I am using Nightmare to create a automated downloader for today's newspaper. I managed to login and go the the specified page. However I could not find out how to download a file with Nightmare.
var Nightmare = require('nightmare');
new Nightmare()
.goto('https://login.nrc.nl/login?service=http://digitaleeditie.nrc.nl/welkom')
.type('input[name="username"]', 'Username')
.type('input[name="password"]','Password')
.click('button[type="submit"]')
.wait()
.goto('http://digitaleeditie.nrc.nl/digitaleeditie/NH/2014/10/20141124___/downloads.html')
.wait()
.click('a[href="/digitaleeditie/helekrant/epub/nrc_20141124.epub"]')
.wait()
.url(function(url) {
console.log(url)
})
.run(function (err, nightmare) {
if (err) return console.log(err);
console.log('Done!');
});
I tried to download the file by clicking on the download button. However this seems not to work.

PhantomJS (and CasperJS and Nightmare) don't trigger a download (dialog) when you click on something that should be downloaded. So, it is necessary to download it yourself. If you can find out the URL of the file, then it can be easily downloaded using an XMLHttpRequest from the page context.
So you need to exchange
.click('a[href="/digitaleeditie/helekrant/epub/nrc_20141124.epub"]')
for
.evaluate(function ev(){
var el = document.querySelector("[href*='nrc_20141124.epub']");
var xhr = new XMLHttpRequest();
xhr.open("GET", el.href, false);
xhr.overrideMimeType("text/plain; charset=x-user-defined");
xhr.send();
return xhr.responseText;
}, function cb(data){
var fs = require("fs");
fs.writeFileSync("book.epub", data, "binary");
})
You can also use the newer way of requesting binary data.
.evaluate(function ev(){
var el = document.querySelector("[href*='.pdf']");
var xhr = new XMLHttpRequest();
xhr.open("GET", el.href, false);
xhr.responseType = "arraybuffer";
xhr.send();
var bytes = [];
var array = new Uint8Array(xhr.response);
for (var i = 0; i < array.length; i++) {
bytes[i] = array[i];
}
return bytes;
}, function cb(data){
var fs = require("fs");
fs.writeFileSync("book.epub", new Buffer(data), "binary");
})
Both of the ways are described on MDN. Here is a sample script which shows a proof of concept.

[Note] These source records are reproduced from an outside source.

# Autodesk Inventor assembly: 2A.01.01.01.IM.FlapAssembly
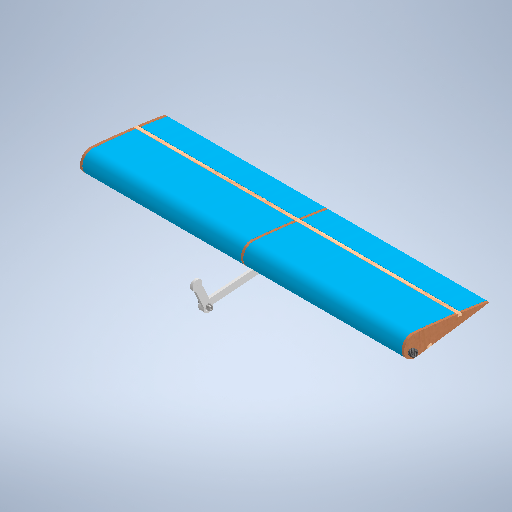
[picture p0: Inventor's stored thumbnail of the model, 512x512]
Saved by Autodesk Inventor 2025.2 (Build 292293000, 293)
## iProperties
Created: 2025-01-27
Part Number: 2A.01.01.01.IM.FlapAssembly
Document SubType Name: Assembly
Designer: Imist
Author: Imist
## Documents named in this file (14)
- C:\Users\Imist\OneDrive - University of Bristol\Year 2\AVDASI 2\Team\Final CAD\2A.01.01.01.IM.FlapAssembly.iam
- C:\Users\Imist\OneDrive - University of Bristol\Year 2\AVDASI 2\Team\Final CAD\2P.03.01.01.IM.FlapBody.ipt
- C:\Users\Imist\OneDrive - University of Bristol\Year 2\AVDASI 2\Team\Final CAD\2P.03.01.04.IM.FlapSpar.ipt
- C:\Users\Imist\OneDrive - University of Bristol\Year 2\AVDASI 2\Team\Final CAD\2P.03.01.05.IM.FlapCutFill.ipt
- C:\Users\Imist\OneDrive - University of Bristol\Year 2\AVDASI 2\Team\Final CAD\2P.03.01.07.JW.FlapRibMid.ipt
- C:\Users\Imist\OneDrive - University of Bristol\Year 2\AVDASI 2\Team\Final CAD\2P.03.01.09.IM.FlapRibEnd.ipt
- C:\Users\Imist\OneDrive - University of Bristol\Year 2\AVDASI 2\Team\Final CAD\2P.03.01.15.ZW.FlapCoupler.ipt
- C:\Users\Imist\OneDrive - University of Bristol\Year 2\AVDASI 2\Team\Final CAD\2P.03.01.16.ZW.FlapCrank.ipt
- C:\Users\Imist\OneDrive - University of Bristol\Year 2\AVDASI 2\Team\Final CAD\2P.03.01.11.IM.FlapBottSpanBeam.ipt
- C:\Users\Imist\OneDrive - University of Bristol\Year 2\AVDASI 2\Team\Final CAD\2P.03.01.12.IM.FlapTopSpanBeam.ipt
- C:\Users\Imist\OneDrive\Documents\Inventor\Content Center Files\R2025\en-US\ISO 7092\ISO 7092 - ST 3 - 140 HV.ipt
- C:\Users\Imist\OneDrive\Documents\Inventor\Content Center Files\R2025\en-US\ISO 4032(2)\ISO 4032 - M3 - ISO.ipt
- C:\Users\Imist\OneDrive\Documents\Inventor\Content Center Files\R2025\en-US\AS 1420\AS 1420 - 1973 - M3 x 12.ipt
- C:\Users\Imist\OneDrive - University of Bristol\Year 2\AVDASI 2\Team\Final CAD\2P.03.01.00.01.IM.Bearing3x7x3.ipt
## Components (26 placed, 13 different names)
1. 2P.03.01.01.IM.FlapBody:1 — Rigid:1, Rigid:4, Rigid:5
2. 2P.03.01.04.IM.FlapSpar:1 — Mate:1, Mate:2, Mate:3, Mate:4, Rigid:19
3. 2P.03.01.05.IM.FlapCutFill:1 — Rigid:1
4. 2P.03.01.07.JW.FlapRibMid:1 — Rigid:3, Rigid:4, Rigid:15, Rigid:19
5. 2P.03.01.09.IM.FlapRibEnd:1 — Rigid:6, Rigid:7
6. 2P.03.01.15.ZW.FlapCoupler:1 — Rigid:16, Rigid:17
7. 2P.03.01.16.ZW.FlapCrank:1 — Rigid:18
8. 2P.03.01.01.IM.FlapBody:2 — Rigid:3, Rigid:6
9. 2P.03.01.05.IM.FlapCutFill:2
10. 2P.03.01.09.IM.FlapRibEnd:2 — Rigid:5, Rigid:8
11. 2P.03.01.11.IM.FlapBottSpanBeam:1 — Rigid:8
12. 2P.03.01.12.IM.FlapTopSpanBeam:1 — Rigid:7
13. ISO 7092 ST 3 - 140 HV:1 — Rotational:16, Rotational:19
14. ISO 7092 ST 3 - 140 HV:2 — Rotational:12, Rotational:17
15. ISO 7092 ST 3 - 140 HV:3 — Rotational:14, Rotational:18
16. ISO 7092 ST 3 - 140 HV:4 — Rotational:20, Rotational:21
17. ISO 7092 ST 3 - 140 HV:5 — Rotational:11, Rotational:23
18. ISO 7092 ST 3 - 140 HV:6 — Rotational:13, Rotational:22
19. ISO 4032 M3:1 — Rotational:11
20. AS 1420 - Metric M3 x 12:1 — Rotational:12
21. AS 1420 - Metric M3 x 12:2 — Rotational:13
22. ISO 4032 M3:2 — Rotational:14
23. 2P.03.01.00.01.IM.Bearing3x7x3:1 — Rigid:15, Rotational:16, Rotational:18
24. 2P.03.01.00.01.IM.Bearing3x7x3:2 — Rigid:16, Rotational:17, Rotational:19
25. 2P.03.01.00.01.IM.Bearing3x7x3:3 — Rigid:18, Rotational:21, Rotational:22
26. 2P.03.01.00.01.IM.Bearing3x7x3:4 — Rigid:17, Rotational:20, Rotational:23
## Relationships (29: WeldJoint 13, RevoluteJoint 12, Mate 4)
- Rigid:1 [WeldJoint]: 2P.03.01.01.IM.FlapBody:1 ↔ 2P.03.01.05.IM.FlapCutFill:1
- [WeldJoint]: 2P.03.01.01.IM.FlapBody:2 ↔ 2P.03.01.05.IM.FlapCutFill:2
- Rigid:3 [WeldJoint]: 2P.03.01.07.JW.FlapRibMid:1 ↔ 2P.03.01.01.IM.FlapBody:2
- Rigid:4 [WeldJoint]: 2P.03.01.01.IM.FlapBody:1 ↔ 2P.03.01.07.JW.FlapRibMid:1
- Rigid:5 [WeldJoint]: 2P.03.01.01.IM.FlapBody:1 ↔ 2P.03.01.09.IM.FlapRibEnd:2
- Rigid:6 [WeldJoint]: 2P.03.01.09.IM.FlapRibEnd:1 ↔ 2P.03.01.01.IM.FlapBody:2
- Rigid:7 [WeldJoint]: 2P.03.01.09.IM.FlapRibEnd:1 ↔ 2P.03.01.12.IM.FlapTopSpanBeam:1
- Rigid:8 [WeldJoint]: 2P.03.01.09.IM.FlapRibEnd:2 ↔ 2P.03.01.11.IM.FlapBottSpanBeam:1
- Rotational:11 [RevoluteJoint]: ISO 7092 ST 3 - 140 HV:5 ↔ ISO 4032 M3:1
- Rotational:12 [RevoluteJoint]: ISO 7092 ST 3 - 140 HV:2 ↔ AS 1420 - Metric M3 x 12:1
- Rotational:13 [RevoluteJoint]: ISO 7092 ST 3 - 140 HV:6 ↔ AS 1420 - Metric M3 x 12:2
- Rotational:14 [RevoluteJoint] (2.4 mm): ISO 7092 ST 3 - 140 HV:3 ↔ ISO 4032 M3:2
- Rigid:15 [WeldJoint]: 2P.03.01.07.JW.FlapRibMid:1 ↔ 2P.03.01.00.01.IM.Bearing3x7x3:1
- Rigid:16 [WeldJoint]: 2P.03.01.15.ZW.FlapCoupler:1 ↔ 2P.03.01.00.01.IM.Bearing3x7x3:2
- Rigid:17 [WeldJoint]: 2P.03.01.15.ZW.FlapCoupler:1 ↔ 2P.03.01.00.01.IM.Bearing3x7x3:4
- Rigid:18 [WeldJoint]: 2P.03.01.16.ZW.FlapCrank:1 ↔ 2P.03.01.00.01.IM.Bearing3x7x3:3
- Rotational:16 [RevoluteJoint] (0.5 mm): ISO 7092 ST 3 - 140 HV:1 ↔ 2P.03.01.00.01.IM.Bearing3x7x3:1
- Rotational:17 [RevoluteJoint]: ISO 7092 ST 3 - 140 HV:2 ↔ 2P.03.01.00.01.IM.Bearing3x7x3:2
- Rotational:18 [RevoluteJoint]: ISO 7092 ST 3 - 140 HV:3 ↔ 2P.03.01.00.01.IM.Bearing3x7x3:1
- Rotational:19 [RevoluteJoint]: ISO 7092 ST 3 - 140 HV:1 ↔ 2P.03.01.00.01.IM.Bearing3x7x3:2
- Rotational:20 [RevoluteJoint] (0.5 mm): ISO 7092 ST 3 - 140 HV:4 ↔ 2P.03.01.00.01.IM.Bearing3x7x3:4
- Rotational:21 [RevoluteJoint]: ISO 7092 ST 3 - 140 HV:4 ↔ 2P.03.01.00.01.IM.Bearing3x7x3:3
- Rotational:22 [RevoluteJoint]: ISO 7092 ST 3 - 140 HV:6 ↔ 2P.03.01.00.01.IM.Bearing3x7x3:3
- Rotational:23 [RevoluteJoint]: ISO 7092 ST 3 - 140 HV:5 ↔ 2P.03.01.00.01.IM.Bearing3x7x3:4
- Mate:1: 2P.03.01.04.IM.FlapSpar:1
- Mate:2: 2P.03.01.04.IM.FlapSpar:1
- Mate:3: 2P.03.01.04.IM.FlapSpar:1
- Mate:4: 2P.03.01.04.IM.FlapSpar:1
- Rigid:19 [WeldJoint] (-1.5 mm): 2P.03.01.04.IM.FlapSpar:1 ↔ 2P.03.01.07.JW.FlapRibMid:1
## Named parameters: d1_d0 = 0 mm

There is a Nightmare download plugin.
You can download the file just with this code below:
var Nightmare = require('nightmare');
require('nightmare-download-manager')(Nightmare);
var nightmare = Nightmare();
nightmare.on('download', function(state, downloadItem){
if(state == 'started'){
nightmare.emit('download', '/some/path/file.zip', downloadItem);
}
});
nightmare
.downloadManager()
.goto('https://github.com/segmentio/nightmare')
.click('a[href="/segmentio/nightmare/archive/master.zip"]')
.waitDownloadsComplete()
.then(() => {
console.log('done');
});

I got my downloads super easy using the request module, as described here.
var Nightmare = require('nightmare');
var fs = require('fs');
var request = require('request');
new Nightmare()
.goto('https://login.nrc.nl/login?service=http://digitaleeditie.nrc.nl/welkom')
.insert('input[name="username"]', 'Username')
.insert('input[name="password"]','Password')
.click('button[type="submit"]')
.wait()
.goto('http://digitaleeditie.nrc.nl/digitaleeditie/NH/2014/10/20141124___/downloads.html')
.wait()
.then(function () {
download('http://digitaleeditie.nrc.nl/digitaleeditie/helekrant/epub/nrc_20141124.epub', 'myBook.epub', function () {
console.log('done');
});
})
.catch(function (err) {
console.log(err);
})
function download(uri, filename, callback) {
request.head(uri, function () {
request(uri).pipe(fs.createWriteStream(filename)).on('close', callback);
});
}
Run npm i request in order to use request.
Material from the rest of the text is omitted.